How to complete this task: Filter the listing below down to the lines containing the word "Circuit".

┌─ Available records

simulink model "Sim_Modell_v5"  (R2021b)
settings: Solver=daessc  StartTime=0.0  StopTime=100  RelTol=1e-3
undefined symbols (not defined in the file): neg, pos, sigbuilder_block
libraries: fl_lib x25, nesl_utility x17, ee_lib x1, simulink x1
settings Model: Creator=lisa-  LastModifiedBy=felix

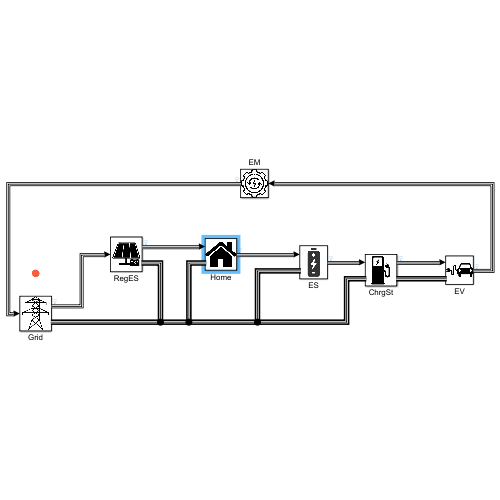
[thumbnail: Simulink's stored preview of the top-level diagram]
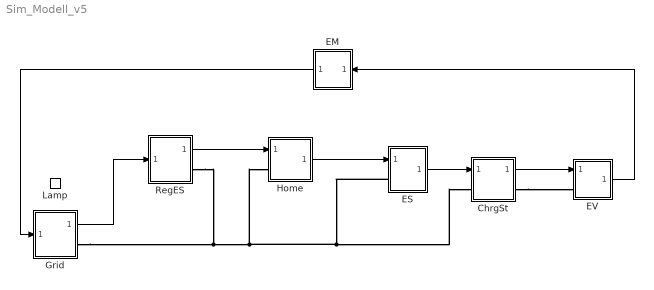
== system Sim_Modell_v5 ==
  ChrgSt : Subsystem
      settings: PortSchema="{\"entries\":[{\"content\":{\"sides\":[{\"content\":{\"connectorIds\":[]},\"type\":\"ConnectorPlacement.EquallySpacedRectSide\",\"uuid\":\"b41e38a9-5af4-4fc3-8362-b0a2c9ea7f09\"},{\"content\":{\"connectorIds\":[],\"side\":\"RIGHT\"},\"type\":\"ConnectorPlacement.EquallySpacedRectSide\",\"uuid\":\"3d2284f1-ff92-4301-996c-df10035f8991\"},{\"content\":{\"connectorIds\":[\"In1\",\"LConn1\"],\"side\":\"TOP\"},\"type\":\"ConnectorPlacement.EquallySpacedRectSide\",\"uuid\":\"3c162699-1ee7-4b12-b844-90d345f681c2\"},{\"content\":{\"connectorIds\":[\"Out1\",\"RConn1\"],\"side\":\"BOTTOM\"},\"type\":\"ConnectorPlacement.EquallySpacedRectSide\",\"uuid\":\"c143c3a3-5e1b-42e8-ba00-2d87f1345ae6\"}]},\"type\":\"ConnectorPlacement.EquallySpacedConnector\",\"uuid\":\"20a307e0-46b7-49be-a325-e97621053049\"}],\"packageUris\":[\"http://schema.mathworks.com/mf0/Connector/R2020b\"],\"version\":\"1.0\"}"
      mask Display: image('D:\Felix\Studium HTW Dresden\8. Semester\Matlab\Bilder\ChrgSt_icon.png'); % Use "Edit Image" on toolstrip to change.
  EM : Subsystem
      mask Display: image('D:\Felix\Studium HTW Dresden\8. Semester\Matlab\Bilder\EM_icon.png'); % Use "Edit Image" on toolstrip to change.
  ES : Subsystem
      mask Display: image('D:\Felix\Studium HTW Dresden\8. Semester\Matlab\Bilder\ES_icon.png'); % Use "Edit Image" on toolstrip to change.
  EV : Subsystem
      mask Display: image('D:\Felix\Studium HTW Dresden\8. Semester\Matlab\Bilder\electric_car_icon.jpg'); % Use "Edit Image" on toolstrip to change.
  Grid : Subsystem
      mask Display: image('D:\Felix\Studium HTW Dresden\8. Semester\Matlab\Bilder\Grid_icon.webp'); % Use "Edit Image" on toolstrip to change.
  Home : Subsystem
      mask Display: image('D:\Felix\Studium HTW Dresden\8. Semester\Matlab\Bilder\Home_icon.png'); % Use "Edit Image" on toolstrip to change.
  Lamp : LampBlock  LabelPosition=Hide
  RegES : Subsystem
      mask Display: image('D:\Felix\Studium HTW Dresden\8. Semester\Matlab\Bilder\solar_storage_icon.png'); % Use "Edit Image" on toolstrip to change.
  wires:
  RegES/1(Out1) -> Home/1(In1)
  Grid/1(Out1) -> RegES/1(In1)
  ES/1(Out1) -> ChrgSt/1(In1)
  ChrgSt/1(Out1) -> EV/1(In1)
  EV/1(Out1) -> EM/1(In1)
  Home/1(Out1) -> ES/1(In1)
  EM/1(Out1) -> Grid/1(In1)
  connections:
  Grid/RConn1 -- RegES/RConn1 -- ES/LConn1 -- ChrgSt/LConn1 -- Home/LConn1
  ChrgSt/RConn1 -- EV/LConn1

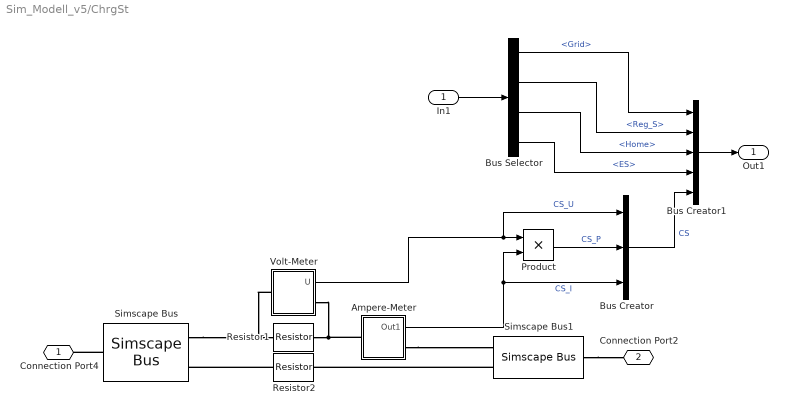
== system Sim_Modell_v5/ChrgSt ==
  In1 : Inport
  Ampere-Meter : Subsystem  mask{tc=0.01}
      mask prompts: tc "time constant"
      mask Display: image('D:\Felix\Studium HTW Dresden\8. Semester\Matlab\Bilder\ampere_icon.svg'); % Use "Edit Image" on toolstrip to change.
  Bus Creator : BusCreator  Inputs=3
  Bus Creator1 : BusCreator  Inputs=5
  Bus Selector : BusSelector  OutputSignals=Grid,Reg_S,Home,ES
  Product : Product
  Resistor1 : fl_lib/Electrical/Electrical Elements/Resistor  R=1 Ohm  i_specify=off  i_priority=None  i=0 A  i_nominal_specify=off  i_nominal_unit=A  i_nominal_value=1  v_specify=off  v_priority=None  v=0 V  v_nominal_specify=off  v_nominal_unit=V  v_nominal_value=1
  Resistor2 : fl_lib/Electrical/Electrical Elements/Resistor  R=1 Ohm  i_specify=off  i_priority=None  i=0 A  i_nominal_specify=off  i_nominal_unit=A  i_nominal_value=1  v_specify=off  v_priority=None  v=0 V  v_nominal_specify=off  v_nominal_unit=V  v_nominal_value=1
  Simscape Bus : SimscapeBus  HierarchyStrings=pos;neg
  Simscape Bus1 : SimscapeBus  HierarchyStrings=pos;neg
  Volt-Meter : Subsystem  mask{tc=0.01}
      mask prompts: tc "time constant"
      mask Display: image('D:\Felix\Studium HTW Dresden\8. Semester\Matlab\Bilder\volt_icon.svg'); % Use "Edit Image" on toolstrip to change.
  Connection Port4 : PMIOPort  Side=Left
  Connection Port2 : PMIOPort  Port=2  Side=Right
  Out1 : Outport
  wires:
  Volt-Meter/1(U) -> Bus Creator/1, Product/1  "CS_U"
  Ampere-Meter/1(Out1) -> Product/2, Bus Creator/3  "CS_I"
  Product/1 -> Bus Creator/2  "CS_P"
  In1/1 -> Bus Selector/1
  Bus Creator1/1 -> Out1/1
  Bus Selector/1 -> Bus Creator1/1  "<Grid>"
  Bus Selector/2 -> Bus Creator1/2  "<Reg_S>"
  Bus Selector/3 -> Bus Creator1/3  "<Home>"
  Bus Selector/4 -> Bus Creator1/4  "<ES>"
  Bus Creator/1 -> Bus Creator1/5  "CS"
  connections:
  Resistor1/RConn1 -- Volt-Meter/RConn1 -- Ampere-Meter/LConn1
  Simscape Bus/RConn1 -- Connection Port4/RConn1
  Simscape Bus1/RConn1 -- Connection Port2/RConn1
  Simscape Bus/LConn1 -- Volt-Meter/LConn1 -- Resistor1/LConn1
  Resistor2/RConn1 -- Simscape Bus/LConn2
  Ampere-Meter/RConn1 -- Simscape Bus1/LConn1
  Simscape Bus1/LConn2 -- Resistor2/LConn1

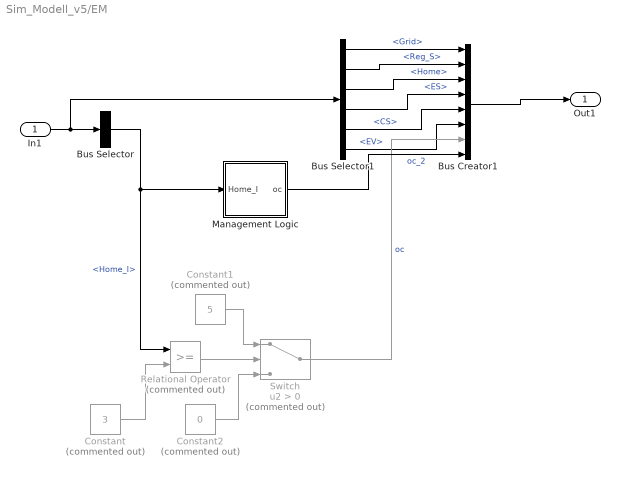
== system Sim_Modell_v5/EM ==
  In1 : Inport
  Bus Creator1 : BusCreator  Inputs=8
  Bus Selector : BusSelector  OutputSignals=Home.Home_I
  Bus Selector1 : BusSelector  OutputSignals=Grid,Reg_S,Home,ES,CS,EV
  Constant : Constant  Commented=on  Value=3
  Constant1 : Constant  Commented=on  Value=5
  Constant2 : Constant  Commented=on  Value=0
  Management Logic : Stateflow chart  TreatAsAtomicUnit=on
  Relational Operator : RelationalOperator  Commented=on  OutDataTypeStr=boolean  RndMeth=Simplest
  Switch : Switch  Commented=on  Criteria=u2 > Threshold
  Out1 : Outport
  wires:
  In1/1 -> Bus Selector1/1, Bus Selector/1
  Constant/1 -> Relational Operator/2
  Relational Operator/1 -> Switch/2
  Constant2/1 -> Switch/3
  Constant1/1 -> Switch/1
  Bus Selector1/3 -> Bus Creator1/3  "<Home>"
  Bus Selector1/1 -> Bus Creator1/1  "<Grid>"
  Bus Selector1/2 -> Bus Creator1/2  "<Reg_S>"
  Bus Selector1/4 -> Bus Creator1/4  "<ES>"
  Bus Selector1/5 -> Bus Creator1/5  "<CS>"
  Bus Selector1/6 -> Bus Creator1/6  "<EV>"
  Bus Creator1/1 -> Out1/1
  Bus Selector/1 -> Management Logic/1(Home_I), Relational Operator/1  "<Home_I>"
  Switch/1 -> Bus Creator1/7  "oc"
  Management Logic/1(oc) -> Bus Creator1/8  "oc_2"

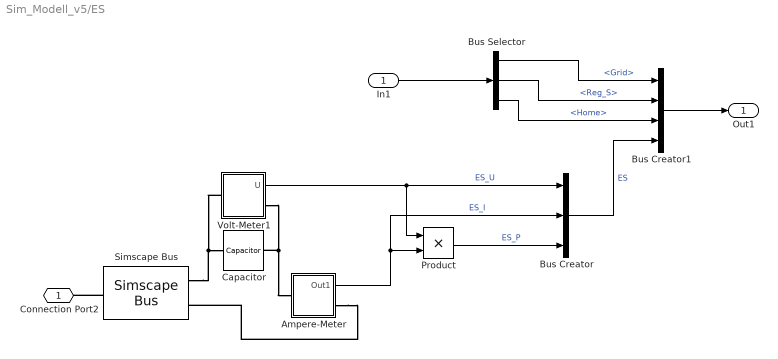
== system Sim_Modell_v5/ES ==
  In1 : Inport
  Ampere-Meter : Subsystem  mask{tc=0.01}
      mask prompts: tc "time constant"
      mask Display: image('D:\Felix\Studium HTW Dresden\8. Semester\Matlab\Bilder\ampere_icon.svg'); % Use "Edit Image" on toolstrip to change.
  Bus Creator : BusCreator  Inputs=3
  Bus Creator1 : BusCreator  Inputs=4
  Bus Selector : BusSelector  OutputSignals=Grid,Reg_S,Home
  Capacitor : fl_lib/Electrical/Electrical Elements/Capacitor  c=1e-6 F  r=1e-6 Ohm  g=0 1/Ohm  i_specify=off  i_priority=None  i=0 A  i_nominal_specify=off  i_nominal_unit=A  i_nominal_value=1  v_specify=off  v_priority=None  v=0 V  v_nominal_specify=off  v_nominal_unit=V  v_nominal_value=1  vc_specify=off  vc_priority=High  vc=0 V  vc_nominal_specify=off  vc_nominal_unit=V  vc_nominal_value=1
  Product : Product
  Simscape Bus : SimscapeBus  HierarchyStrings=pos;neg
  Volt-Meter1 : Subsystem  mask{tc=0.01}
      mask prompts: tc "time constant"
      mask Display: image('D:\Felix\Studium HTW Dresden\8. Semester\Matlab\Bilder\volt_icon.svg'); % Use "Edit Image" on toolstrip to change.
  Connection Port2 : PMIOPort  Side=Left
  Out1 : Outport
  wires:
  Volt-Meter1/1(U) -> Bus Creator/1, Product/1  "ES_U"
  Ampere-Meter/1(Out1) -> Bus Creator/2, Product/2  "ES_I"
  Product/1 -> Bus Creator/3  "ES_P"
  In1/1 -> Bus Selector/1
  Bus Selector/1 -> Bus Creator1/1  "<Grid>"
  Bus Selector/2 -> Bus Creator1/2  "<Reg_S>"
  Bus Selector/3 -> Bus Creator1/3  "<Home>"
  Bus Creator/1 -> Bus Creator1/4  "ES"
  Bus Creator1/1 -> Out1/1
  connections:
  Simscape Bus/LConn1 -- Volt-Meter1/LConn1 -- Capacitor/LConn1
  Volt-Meter1/RConn1 -- Ampere-Meter/LConn1 -- Capacitor/RConn1
  Simscape Bus/RConn1 -- Connection Port2/RConn1
  Ampere-Meter/RConn1 -- Simscape Bus/LConn2

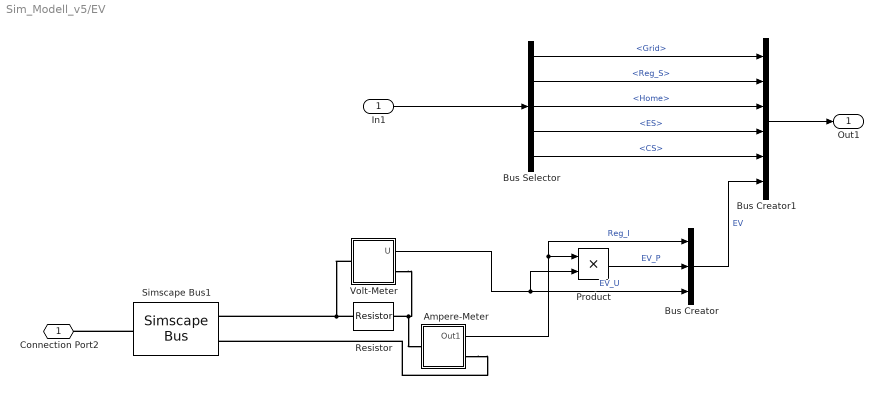
== system Sim_Modell_v5/EV ==
  In1 : Inport
  Ampere-Meter : Subsystem  mask{tc=0.01}
      mask prompts: tc "time constant"
      mask Display: image('D:\Felix\Studium HTW Dresden\8. Semester\Matlab\Bilder\ampere_icon.svg'); % Use "Edit Image" on toolstrip to change.
  Bus Creator : BusCreator  Inputs=3
  Bus Creator1 : BusCreator  Inputs=6
  Bus Selector : BusSelector  OutputSignals=Grid,Reg_S,Home,ES,CS
  Product : Product
  Resistor : fl_lib/Electrical/Electrical Elements/Resistor  R=1 Ohm  i_specify=off  i_priority=None  i=0 A  i_nominal_specify=off  i_nominal_unit=A  i_nominal_value=1  v_specify=off  v_priority=None  v=0 V  v_nominal_specify=off  v_nominal_unit=V  v_nominal_value=1
  Simscape Bus1 : SimscapeBus  HierarchyStrings=pos;neg
  Volt-Meter : Subsystem  mask{tc=0.01}
      mask prompts: tc "time constant"
      mask Display: image('D:\Felix\Studium HTW Dresden\8. Semester\Matlab\Bilder\volt_icon.svg'); % Use "Edit Image" on toolstrip to change.
  Connection Port2 : PMIOPort  Side=Left
  Out1 : Outport
  wires:
  Volt-Meter/1(U) -> Product/2, Bus Creator/3  "EV_U"
  Product/1 -> Bus Creator/2  "EV_P"
  In1/1 -> Bus Selector/1
  Bus Creator/1 -> Bus Creator1/6  "EV"
  Bus Selector/5 -> Bus Creator1/5  "<CS>"
  Bus Selector/4 -> Bus Creator1/4  "<ES>"
  Bus Selector/3 -> Bus Creator1/3  "<Home>"
  Bus Selector/2 -> Bus Creator1/2  "<Reg_S>"
  Bus Selector/1 -> Bus Creator1/1  "<Grid>"
  Bus Creator1/1 -> Out1/1
  Ampere-Meter/1(Out1) -> Product/1, Bus Creator/1  "Reg_I"
  connections:
  Simscape Bus1/RConn1 -- Connection Port2/RConn1
  Resistor/RConn1 -- Volt-Meter/RConn1 -- Ampere-Meter/LConn1
  Resistor/LConn1 -- Volt-Meter/LConn1 -- Simscape Bus1/LConn1
  Ampere-Meter/RConn1 -- Simscape Bus1/LConn2

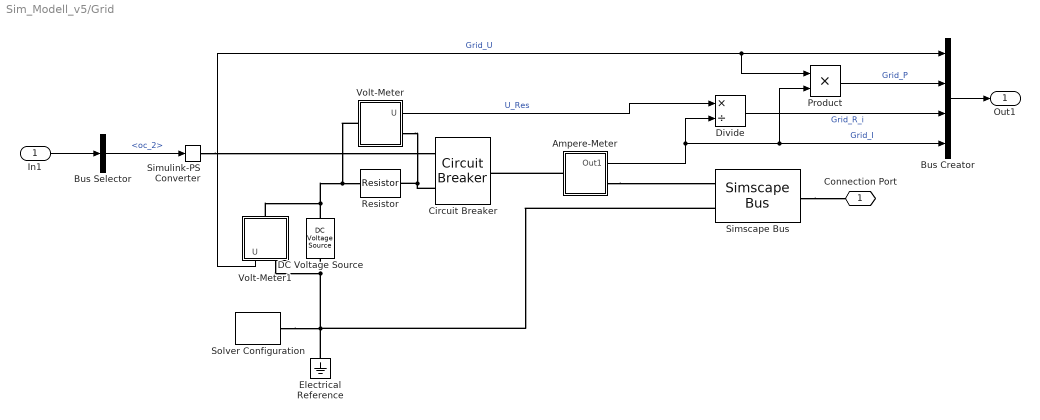
== system Sim_Modell_v5/Grid ==
  In1 : Inport
  Ampere-Meter : Subsystem  mask{tc=0.01}
      mask prompts: tc "time constant"
      mask Display: image('D:\Felix\Studium HTW Dresden\8. Semester\Matlab\Bilder\ampere_icon.svg'); % Use "Edit Image" on toolstrip to change.
  Bus Creator : BusCreator  Inputs=4
  Bus Selector : BusSelector  OutputSignals=oc_2
  Circuit Breaker : ee_lib/Switches & Breakers/Circuit Breaker  R_closed=0.001 Ohm  G_open=1e-6 1/Ohm  threshold=1 V  offset_for_on=1 V
      settings: SourceProductBaseCode=PS  InternalSimscapePortConfiguration="{\"Bottom\":[],\"Left\":[{\"id\":\"vT\",\"label\":\"vT\",\"type\":\"input\"},{\"id\":\"p1\",\"label\":\"\",\"type\":\"foundation.electrical.electrical\"}],\"Right\":[{\"id\":\"p2\",\"label\":\"\",\"type\":\"foundation.electrical.electrical\"}],\"Top\":[]}"
  DC Voltage Source : fl_lib/Electrical/Electrical Sources/DC Voltage Source  v0=10 V
  Divide : Product  Inputs=*/
  Electrical Reference : fl_lib/Electrical/Electrical Elements/Electrical Reference
  Product : Product
  Resistor : fl_lib/Electrical/Electrical Elements/Resistor  R=1 Ohm  i_specify=off  i_priority=None  i=0 A  i_nominal_specify=off  i_nominal_unit=A  i_nominal_value=1  v_specify=off  v_priority=None  v=0 V  v_nominal_specify=off  v_nominal_unit=V  v_nominal_value=1
  Simscape Bus : SimscapeBus  HierarchyStrings=pos;neg
  Simulink-PS Converter : nesl_utility/Simulink-PS Converter  PhysicalDomain=network_engine_domain  SubClassName=ps_input  LeftPortType=input  RightPortType=output  PseudoPeriodic=off  Frequencies=[]  NoiseDistribution=none  NoiseParameters=[]  Unit=V  AffineConversion=off  FilteringAndDerivatives=provide  SimscapeFilterOrder=1  InputFilterTimeConstant=0.001  UdotUserProvided=0
      settings: SourceProductBaseCode=PW,SS
  Solver Configuration : nesl_utility/Solver Configuration  PhysicalDomain=network_engine_domain  SubClassName=solver  LeftPortType=input  RightPortType=generic  Tones=[]  Harmonics=[]  SimulateNoise=off  Profile=off  UseLocalSampling=off  EnableSwitchedLinearOptims=on  FrequencyDomain=off  UseCCode=off  RelTol=0.001  AbsTol=1e-06  MinStep=1e-09  ToWorkspace=off  RevertToSquareIcSolve=off  NumHomotopyIterations=100  PhasorMode=off  PhasorModeNumHarmonics=1  DoDC=off  ResidualTolerance=1e-09  UseLocalSolver=off  LocalSolverChoice=NE_BACKWARD_EULER_ADVANCER  LocalSolverSampleTime=0.001  DoFixedCost=off  MaxNonlinIter=3  MaxModeIter=2  ComputeImpulses=off  ImpulseIterations=2  LinearAlgebra=auto  EquationFormulation=NE_TIME_EF  DelaysMemoryBudget=1024  AutomaticFiltering=on  FilteringTimeConstant=0.001  PartitionStorageMethod=AS_NEEDED  PartitionMemoryBudget=1024  PartitionMethod=ROBUST
      settings: SourceProductBaseCode=PW,SS
  Volt-Meter : Subsystem  mask{tc=0.01}
      mask prompts: tc "time constant"
      mask Display: image('D:\Felix\Studium HTW Dresden\8. Semester\Matlab\Bilder\volt_icon.svg'); % Use "Edit Image" on toolstrip to change.
  Volt-Meter1 : Subsystem  mask{tc=0.01}
      mask prompts: tc "time constant"
      mask Display: image('D:\Felix\Studium HTW Dresden\8. Semester\Matlab\Bilder\volt_icon.svg'); % Use "Edit Image" on toolstrip to change.
  Connection Port : PMIOPort  Side=Right
  Out1 : Outport
  wires:
  Bus Creator/1 -> Out1/1
  Volt-Meter/1(U) -> Divide/1  "U_Res"
  Volt-Meter1/1(U) -> Product/1, Bus Creator/1  "Grid_U"
  Ampere-Meter/1(Out1) -> Divide/2, Product/2, Bus Creator/4  "Grid_I"
  Divide/1 -> Bus Creator/3  "Grid_R_i"
  Product/1 -> Bus Creator/2  "Grid_P"
  Bus Selector/1 -> Simulink-PS Converter/1  "<oc_2>"
  In1/1 -> Bus Selector/1
  connections:
  Solver Configuration/RConn1 -- Simscape Bus/LConn2 -- Electrical Reference/LConn1 -- Volt-Meter1/RConn1 -- DC Voltage Source/RConn1
  Simscape Bus/RConn1 -- Connection Port/RConn1
  DC Voltage Source/LConn1 -- Volt-Meter1/LConn1 -- Volt-Meter/LConn1 -- Resistor/LConn1
  Ampere-Meter/LConn1 -- Circuit Breaker/RConn1
  Ampere-Meter/RConn1 -- Simscape Bus/LConn1
  Circuit Breaker/LConn2 -- Volt-Meter/RConn1 -- Resistor/RConn1
  Simulink-PS Converter/RConn1 -- Circuit Breaker/LConn1

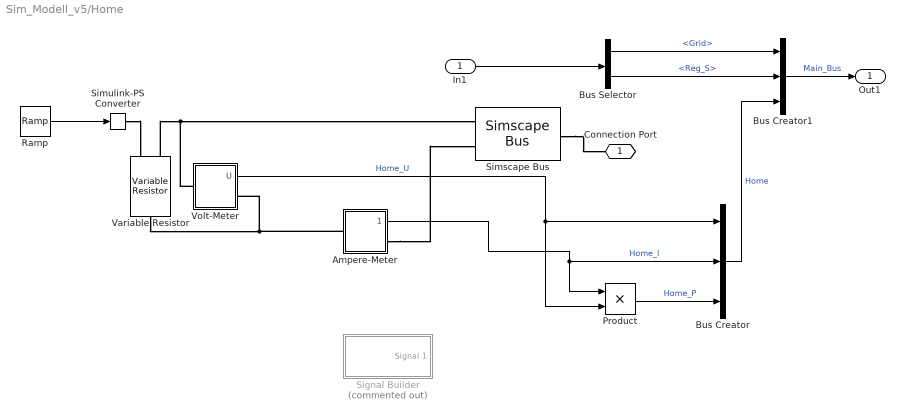
== system Sim_Modell_v5/Home ==
  In1 : Inport
  Ampere-Meter : Subsystem  mask{tc=0.01}
      mask prompts: tc "time constant"
      mask Display: image('D:\Felix\Studium HTW Dresden\8. Semester\Matlab\Bilder\ampere_icon.svg'); % Use "Edit Image" on toolstrip to change.
  Bus Creator : BusCreator  Inputs=3
  Bus Creator1 : BusCreator  Inputs=3
  Bus Selector : BusSelector  OutputSignals=Grid,Reg_S
  Product : Product
  Ramp : simulink/Sources/Ramp  slope=-2.5  start=0  InitialOutput=100
  Signal Builder : Subsystem  Tag=STV Subsys  Commented=on  LoadFcn=sigbuilder_block('load');  StartFcn=sigbuilder_block('start');  StopFcn=sigbuilder_block('stop');  ClipboardFcn=sigbuilder_block('clipboard');  mask(Sigbuilder block){tuvar=[0:10]}
      mask help: Simulink:masks:SigbuilderBlock_MD
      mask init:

└─

Answer space:
  Circuit Breaker : ee_lib/Switches & Breakers/Circuit Breaker  R_closed=0.001 Ohm  G_open=1e-6 1/Ohm  threshold=1 V  offset_for_on=1 V
  Ampere-Meter/LConn1 -- Circuit Breaker/RConn1
  Circuit Breaker/LConn2 -- Volt-Meter/RConn1 -- Resistor/RConn1
  Simulink-PS Converter/RConn1 -- Circuit Breaker/LConn1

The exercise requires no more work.